Currently, laser perfusion imaging (LDPI) is undergoing a technology shift from scanning beam perfusion imagers to
whole field systems. The latter can be subdivided in laser Doppler methods systems based on high speed CMOS
cameras, and laser speckle contrast analysis (LASCA) technologies using slow imaging arrays, mostly CCD-based. In
scanning beam systems, a collimated laser beam scans the tissue with diffusely back reflected light being captured with a
single detector. In whole field systems a large tissue area is illuminated, and the reflected light is imaged onto an array
and captured at once. Unlike scanning beam systems, both whole field methods enable perfusion imaging at video rate.

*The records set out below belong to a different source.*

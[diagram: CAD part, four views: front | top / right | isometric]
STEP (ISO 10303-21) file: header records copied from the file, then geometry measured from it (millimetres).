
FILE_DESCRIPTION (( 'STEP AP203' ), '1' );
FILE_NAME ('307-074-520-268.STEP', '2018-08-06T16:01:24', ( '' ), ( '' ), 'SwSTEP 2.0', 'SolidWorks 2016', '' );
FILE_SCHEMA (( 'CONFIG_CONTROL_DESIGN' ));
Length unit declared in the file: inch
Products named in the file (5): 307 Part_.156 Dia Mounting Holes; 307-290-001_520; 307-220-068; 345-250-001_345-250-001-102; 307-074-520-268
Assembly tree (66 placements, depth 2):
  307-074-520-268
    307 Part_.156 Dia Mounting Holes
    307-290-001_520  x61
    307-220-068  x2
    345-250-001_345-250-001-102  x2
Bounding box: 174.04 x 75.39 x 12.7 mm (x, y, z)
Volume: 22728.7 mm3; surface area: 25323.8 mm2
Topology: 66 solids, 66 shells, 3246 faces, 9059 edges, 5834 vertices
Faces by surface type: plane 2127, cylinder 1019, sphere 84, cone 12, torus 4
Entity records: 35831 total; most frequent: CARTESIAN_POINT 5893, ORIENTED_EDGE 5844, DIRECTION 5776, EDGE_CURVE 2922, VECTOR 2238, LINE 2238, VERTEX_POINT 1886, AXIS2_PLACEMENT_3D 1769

In this study we experimentally compare the scanning beam LDPI principle with whole field LDPI, using Intralipid
phantoms. For the tissue phantoms, the Monte Carlo simulation technique will be used as a reference. From
measurements on Intralipid phantoms compared to Monte Carlo, we conclude that in whole field LDPI the flux image,
representing the first order moment of the power spectrum of photocurrent fluctuations is much closer related to real
perfusion than for scanning beam systems. This difference can be explained in terms of the different behaviour of
dynamic speckle patterns generated in both methods, in response to varying tissue optical properties.